While issues such as competition and regulation are often flagged as headwinds, Fergie said it has more to do with the analysis of company growth rates now the post-COVID volume surge has cooled off.

“My view is that a few months ago, the market basically said that a lot of these companies are still making significant losses. And we’re not going to continue to back them all forever if that’s the case,” Fergie said.

“And the momentum just fell out of the sector. You can’t specifically value a business that doesn’t make money. Then the momentum reverses and that’s why we saw significant falls across the board.”

That outlook for earnings growth isn’t just a BNPL problem. Fergie noted that even the biggest tech companies in the world — Apple, Amazon, Tesla et al — have faced some recent wobbles.

“Sooner or later there’s always that ‘come to Jesus’ moment investors say — what are we really prepared to pay for these business?”

“In this bull market, there was that element of ‘I don’t care, they’ll be worth more tomorrow than I’m paying today’. But eventually you’ve got to have a bit of rationality and think there’s an element of that slipping into market,” he said.

Summarising his bearish view, Fergie doesn’t think it’s necessarily a situation where falls of between 50-70% across the sector have given rise to some buying opportunities.

“My feeling is that just because they’ve fallen, it doesn’t mean it can’t happen again. That view of ‘they’ve fallen a long way and I’m not going to sell at these levels’ is a bit naive,” he said.
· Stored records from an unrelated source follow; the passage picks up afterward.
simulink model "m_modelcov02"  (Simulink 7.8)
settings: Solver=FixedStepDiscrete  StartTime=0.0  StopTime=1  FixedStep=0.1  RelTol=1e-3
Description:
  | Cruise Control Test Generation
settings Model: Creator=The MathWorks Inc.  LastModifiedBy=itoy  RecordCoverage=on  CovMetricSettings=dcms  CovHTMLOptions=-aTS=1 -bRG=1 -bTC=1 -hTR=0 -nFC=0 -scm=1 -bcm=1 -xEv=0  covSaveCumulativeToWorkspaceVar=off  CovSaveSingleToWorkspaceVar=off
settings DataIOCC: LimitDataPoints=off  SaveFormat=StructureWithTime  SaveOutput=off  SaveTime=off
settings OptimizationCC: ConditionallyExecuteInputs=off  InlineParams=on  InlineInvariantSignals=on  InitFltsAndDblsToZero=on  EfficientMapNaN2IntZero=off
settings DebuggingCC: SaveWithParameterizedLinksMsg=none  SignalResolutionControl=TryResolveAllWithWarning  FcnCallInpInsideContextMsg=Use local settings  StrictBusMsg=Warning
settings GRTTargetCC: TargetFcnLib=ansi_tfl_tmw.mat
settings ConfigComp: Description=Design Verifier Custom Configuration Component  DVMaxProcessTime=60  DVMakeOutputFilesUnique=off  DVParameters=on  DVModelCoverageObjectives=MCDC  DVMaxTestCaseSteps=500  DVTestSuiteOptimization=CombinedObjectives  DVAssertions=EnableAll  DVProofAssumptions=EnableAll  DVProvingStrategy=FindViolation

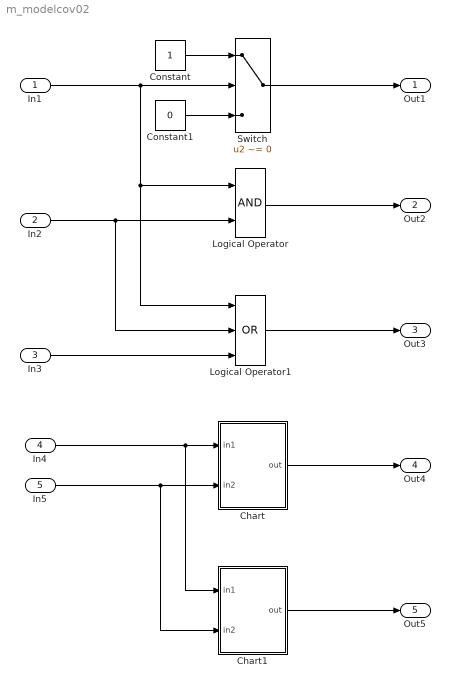
== system m_modelcov02 ==
  In1 : Inport
  In2 : Inport  Port=2
  In3 : Inport  Port=3
  In4 : Inport  Port=4
  In5 : Inport  Port=5
  Chart : Stateflow chart  TreatAsAtomicUnit=on
  Chart1 : Stateflow chart  TreatAsAtomicUnit=on
  Constant : Constant
  Constant1 : Constant  Value=0
  Logical Operator : Logic  AllPortsSameDT=off  OutDataTypeStr=boolean
  Logical Operator1 : Logic  Operator=OR  Inputs=3  AllPortsSameDT=off  OutDataTypeStr=boolean
  Switch : Switch  Criteria=u2 ~= 0
  Out1 : Outport
  Out2 : Outport  Port=2
  Out3 : Outport  Port=3
  Out4 : Outport  Port=4
  Out5 : Outport  Port=5
  wires:
  Constant/1 -> Switch/1
  In1/1 -> Switch/2, Logical Operator1/1, Logical Operator/1
  Constant1/1 -> Switch/3
  Switch/1 -> Out1/1
  In2/1 -> Logical Operator/2, Logical Operator1/2
  In3/1 -> Logical Operator1/3
  Logical Operator/1 -> Out2/1
  Logical Operator1/1 -> Out3/1
  In4/1 -> Chart/1(in1), Chart1/1(in1)
  In5/1 -> Chart/2(in2), Chart1/2(in2)
  Chart/1(out) -> Out4/1
  Chart1/1(out) -> Out5/1

== stateflow chart Chart ==
  state P/
    state A/
      out = 1;
    state B/
      out = 0;
    (default) -> A
    A -> B : [ in1 == 0 ]
    B -> A : [ in1 ~= 0 ]
  state C/
    out = 2;
  (default) -> P
  P -> C : [in2 == 1]
  C -> A : [in2 ~= 1]
  data: in1 input double; in2 input double; out output uint8

== stateflow chart Chart1 ==
  (default) -> (junction 18)
  (junction 18) -> (junction 19) [order 2] : {
      | out = 1;
      | }
  (junction 18) -> (junction 20) [order 1] : [ in1 == 1 && in2 == 0 ]
  (junction 20) -> (junction 21) : {
      | out = 0;
      | }
  data: in1 input double; in2 input double; out output uint8

“In my opinion you’ve got to look at what these companies are valued at, what they’re potentially likely to earn, the headwinds from regulatory and credit risk and make an informed analysis.”

He used the example of Zip Co, which despite its fall is still a $2.5bn company by market cap.

“If you reference that against their customer numbers, my view is that you’re paying a lot per customer for a business at that valuation,” he said.

“Is $4 realistic? Maybe it’s $2, maybe it’s $8, I don’t know. But I think a lot of people are actually sitting down and having a good think about whether they need a chunk of their portfolio in these stocks.

“And the general consensus appears to be — maybe not. Maybe we’ll have a bit of a wait here and assess some of those sector risks.”